## TASK STATEMENT
Return exactly the span of lines that opens with the line containing "27.5653), (37.2814, 27.5699)])" and closes with the last line of the data, inclusive.
Start of DATA EXTRACT
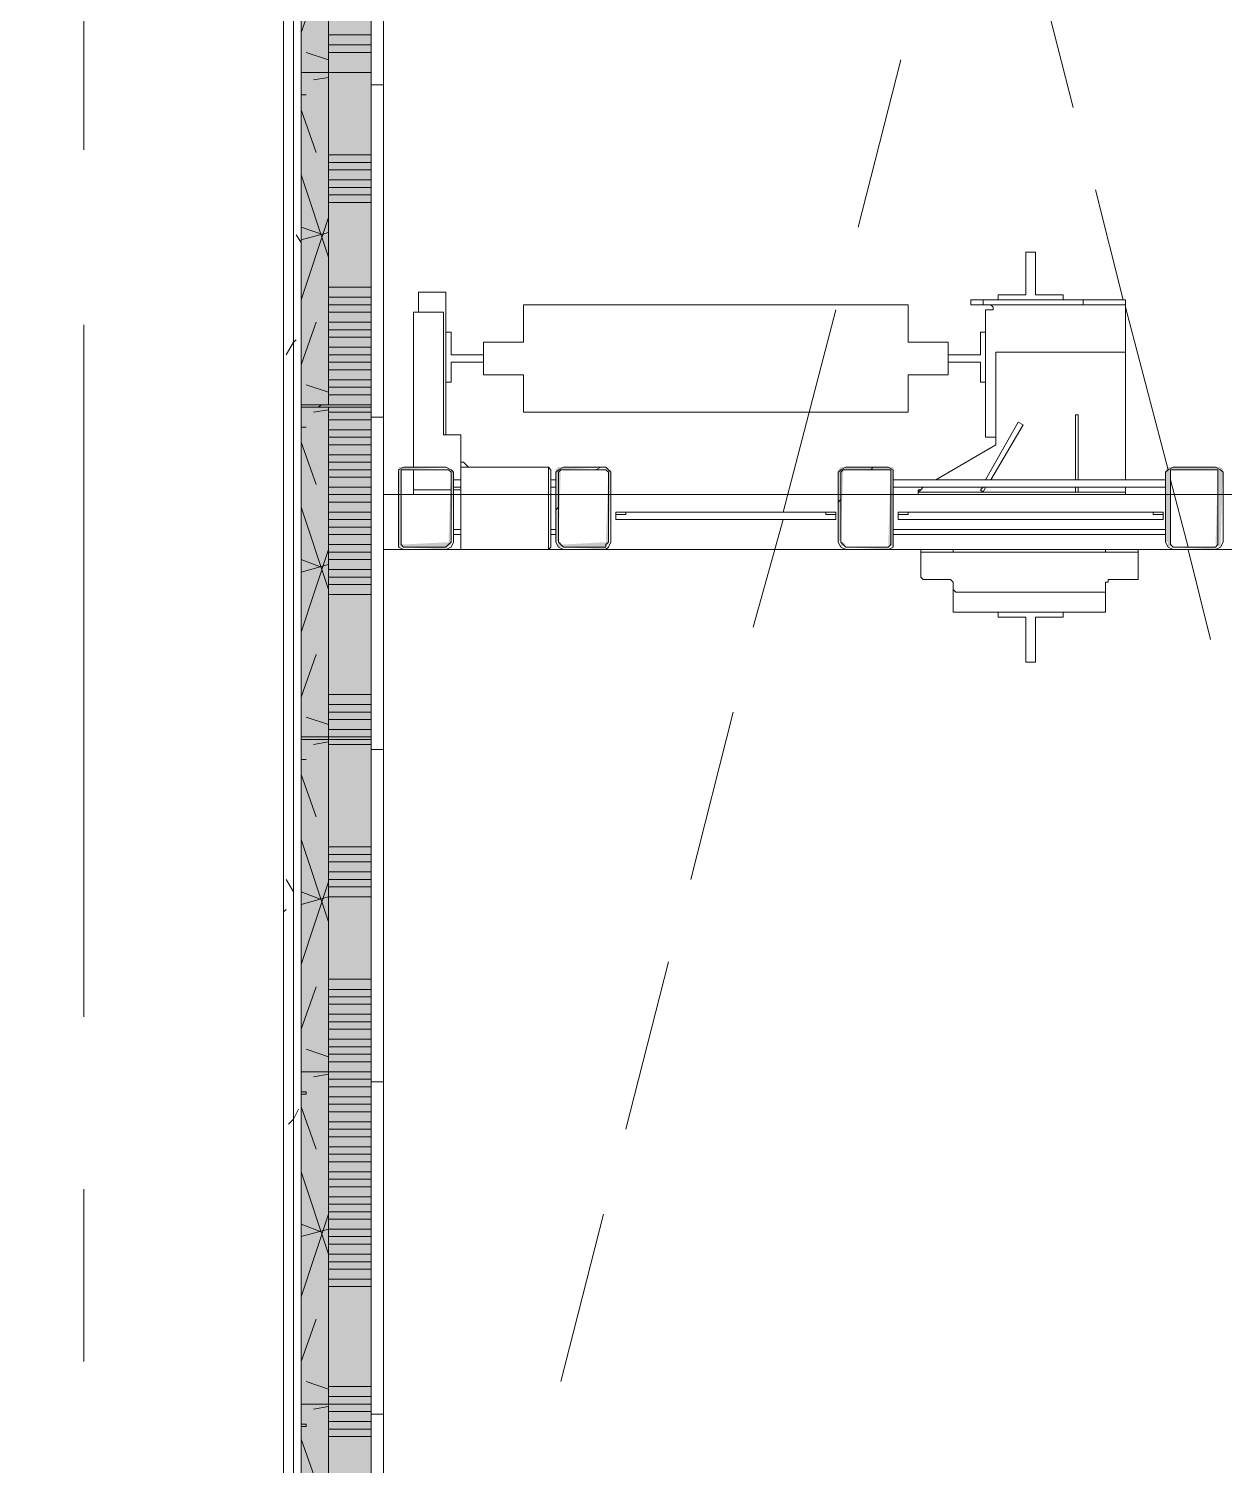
# Model space of a CAD drawing. Header units: metres. Extents: x -2 to 237, y -8 to 52.
# Drawn here: x 35.104 to 37.297, y 25.885 to 28.521 of the extents above; entities that cross this region are included whole.
import ezdxf

# ---------------------------------------------------------------- set-up
doc = ezdxf.new("R2010")
doc.units = ezdxf.units.M
doc.layers.add('PDF3_Geometry', color=7, linetype='Continuous', lineweight=0, true_color=0xaaaaaa)
doc.layers.add('PDF3_Solid Fills', color=7, linetype='Continuous', lineweight=0, true_color=0xffffff)

msp = doc.modelspace()

# ---------------------------------------------------------------- hatches: boundary and pattern name
at = {"layer": 'PDF3_Solid Fills', "lineweight": 0, "transparency": 33554559}
for points in [[(35.6085, 24.6411), (35.6543, 24.6365), (35.6543, 33.4504), (35.6085, 33.4504), (35.6039, 33.3495), (35.6039, 24.6411)], [(35.6085, 24.6411), (35.6543, 24.6365), (35.6543, 33.4504), (35.6085, 33.4504), (35.6039, 33.3495), (35.6039, 24.6411)], [(35.7872, 27.712), (35.8789, 27.7166), (35.7826, 27.7166), (35.7826, 27.5699), (35.7917, 27.5699), (35.869, 27.5653), (35.8697, 27.5653), (35.8697, 27.5699), (35.8789, 27.5745), (35.8835, 27.712), (35.8789, 27.712), (35.8743, 27.579), (35.7872, 27.5745)]]:
    msp.add_hatch(color=256, dxfattribs=at).paths.add_polyline_path(points)
h = msp.add_hatch(color=256, dxfattribs=at)
h.paths.add_polyline_path([(35.6543, 33.3495), (35.7322, 33.3495), (35.7322, 33.3725), (35.6543, 33.3725)])
h.paths.add_polyline_path([(35.7322, 33.3449), (35.6543, 33.3449), (35.6543, 24.7098), (35.7322, 24.7098)])
h = msp.add_hatch(color=256, dxfattribs=at)
h.paths.add_polyline_path([(36.0805, 27.712), (36.1676, 27.7166), (36.0759, 27.7166), (36.0713, 27.712), (36.0713, 27.579), (36.0759, 27.5836)])
h.paths.add_polyline_path([(36.1722, 27.712), (36.1676, 27.712), (36.163, 27.579), (36.0805, 27.5745), (36.0805, 27.579), (36.0759, 27.579), (36.0759, 27.5699), (36.0851, 27.5699), (36.1624, 27.5653), (36.163, 27.5653), (36.163, 27.5699), (36.1676, 27.5745), (36.1722, 27.7102)])
h = msp.add_hatch(color=256, dxfattribs=at)
h.paths.add_polyline_path([(36.5939, 27.579), (36.5939, 27.5699), (36.6031, 27.5745), (36.5985, 27.579)])
h.paths.add_polyline_path([(36.6901, 27.5699), (36.6901, 27.7166), (36.5939, 27.7166), (36.5893, 27.712), (36.5893, 27.579), (36.5939, 27.5836), (36.5985, 27.712), (36.6855, 27.712), (36.6809, 27.5745)])
h.paths.add_polyline_path([(36.6031, 27.5699), (36.6803, 27.5653), (36.6809, 27.5653), (36.6809, 27.5699)])
h = msp.add_hatch(color=256, dxfattribs=at)
h.paths.add_polyline_path([(37.1897, 27.579), (37.1943, 27.579), (37.1943, 27.5699), (37.2035, 27.5745), (37.1989, 27.5745), (37.1989, 27.712), (37.2859, 27.712), (37.2814, 27.5745), (37.2905, 27.5699), (37.2905, 27.5745), (37.2951, 27.7115), (37.2951, 27.712), (37.2905, 27.7166), (37.1943, 27.7166), (37.1897, 27.712)])
h.paths.add_polyline_path([(37.2035, 27.5699), (37.2807, 27.5653), (37.2814, 27.5653), (37.2814, 27.5699)])

# ---------------------------------------------------------------- linework, layer by layer
at = {"layer": 'PDF3_Geometry', "lineweight": 0}
for points in [[(35.1043, 34.005), (38.0239, 34.005), (38.0239, 33.5329), (35.5718, 33.5329), (35.5718, 33.5145), (35.5718, 33.3495), (35.5718, 24.7374), (35.5718, 24.5678), (35.5718, 24.554), (38.0239, 24.554), (38.0239, 24.1736)], [(38.0514, 24.5861), (38.0239, 24.5861), (38.0239, 24.5678), (38.0239, 24.554), (38.0239, 24.5678), (35.5901, 24.5678), (35.5901, 24.5861), (35.5901, 24.7374), (35.5901, 33.3495), (35.5901, 33.5007), (35.5901, 33.5145), (38.0239, 33.5145), (38.0239, 33.5329)], [(38.0239, 24.5678), (38.0239, 24.5861), (35.6039, 24.5861), (35.6039, 24.6365), (35.6039, 24.7374), (35.6039, 33.3495), (35.6039, 33.4504), (35.6039, 33.5007), (38.0239, 33.5007), (38.0239, 33.5145)], [(38.0239, 24.5861), (38.0514, 24.5861), (38.0514, 24.6365), (38.0239, 24.6365), (37.396, 24.6365), (36.7863, 24.6365), (36.1768, 24.6365), (35.6543, 24.6365), (35.6543, 24.7098), (35.6543, 24.7374), (35.6543, 25.3882), (35.6543, 25.9978), (35.6543, 26.6074), (35.6543, 27.217), (35.6543, 27.8266), (35.6543, 27.217), (35.6543, 26.6074), (35.6543, 25.9978), (35.6543, 25.3882), (35.6543, 24.7374), (35.6543, 24.6365), (35.6085, 24.6365), (35.6039, 24.6365), (35.6039, 33.4504)], [(35.7322, 32.6895), (35.7322, 33.3449), (35.7322, 33.3725), (35.6543, 33.3725), (35.6543, 33.3495), (35.6543, 33.3449), (35.6543, 32.7079), (35.6543, 32.0983), (35.6543, 31.4887), (35.6543, 30.8791), (35.6543, 30.2695), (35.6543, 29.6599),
End of DATA EXTRACT
## ANSWER FOR THIS EXERCISE
h.paths.add_polyline_path([(37.2035, 27.5699), (37.2807, 27.5653), (37.2814, 27.5653), (37.2814, 27.5699)])

# ---------------------------------------------------------------- linework, layer by layer
at = {"layer": 'PDF3_Geometry', "lineweight": 0}
for points in [[(35.1043, 34.005), (38.0239, 34.005), (38.0239, 33.5329), (35.5718, 33.5329), (35.5718, 33.5145), (35.5718, 33.3495), (35.5718, 24.7374), (35.5718, 24.5678), (35.5718, 24.554), (38.0239, 24.554), (38.0239, 24.1736)], [(38.0514, 24.5861), (38.0239, 24.5861), (38.0239, 24.5678), (38.0239, 24.554), (38.0239, 24.5678), (35.5901, 24.5678), (35.5901, 24.5861), (35.5901, 24.7374), (35.5901, 33.3495), (35.5901, 33.5007), (35.5901, 33.5145), (38.0239, 33.5145), (38.0239, 33.5329)], [(38.0239, 24.5678), (38.0239, 24.5861), (35.6039, 24.5861), (35.6039, 24.6365), (35.6039, 24.7374), (35.6039, 33.3495), (35.6039, 33.4504), (35.6039, 33.5007), (38.0239, 33.5007), (38.0239, 33.5145)], [(38.0239, 24.5861), (38.0514, 24.5861), (38.0514, 24.6365), (38.0239, 24.6365), (37.396, 24.6365), (36.7863, 24.6365), (36.1768, 24.6365), (35.6543, 24.6365), (35.6543, 24.7098), (35.6543, 24.7374), (35.6543, 25.3882), (35.6543, 25.9978), (35.6543, 26.6074), (35.6543, 27.217), (35.6543, 27.8266), (35.6543, 27.217), (35.6543, 26.6074), (35.6543, 25.9978), (35.6543, 25.3882), (35.6543, 24.7374), (35.6543, 24.6365), (35.6085, 24.6365), (35.6039, 24.6365), (35.6039, 33.4504)], [(35.7322, 32.6895), (35.7322, 33.3449), (35.7322, 33.3725), (35.6543, 33.3725), (35.6543, 33.3495), (35.6543, 33.3449), (35.6543, 32.7079), (35.6543, 32.0983), (35.6543, 31.4887), (35.6543, 30.8791), (35.6543, 30.2695), (35.6543, 29.6599),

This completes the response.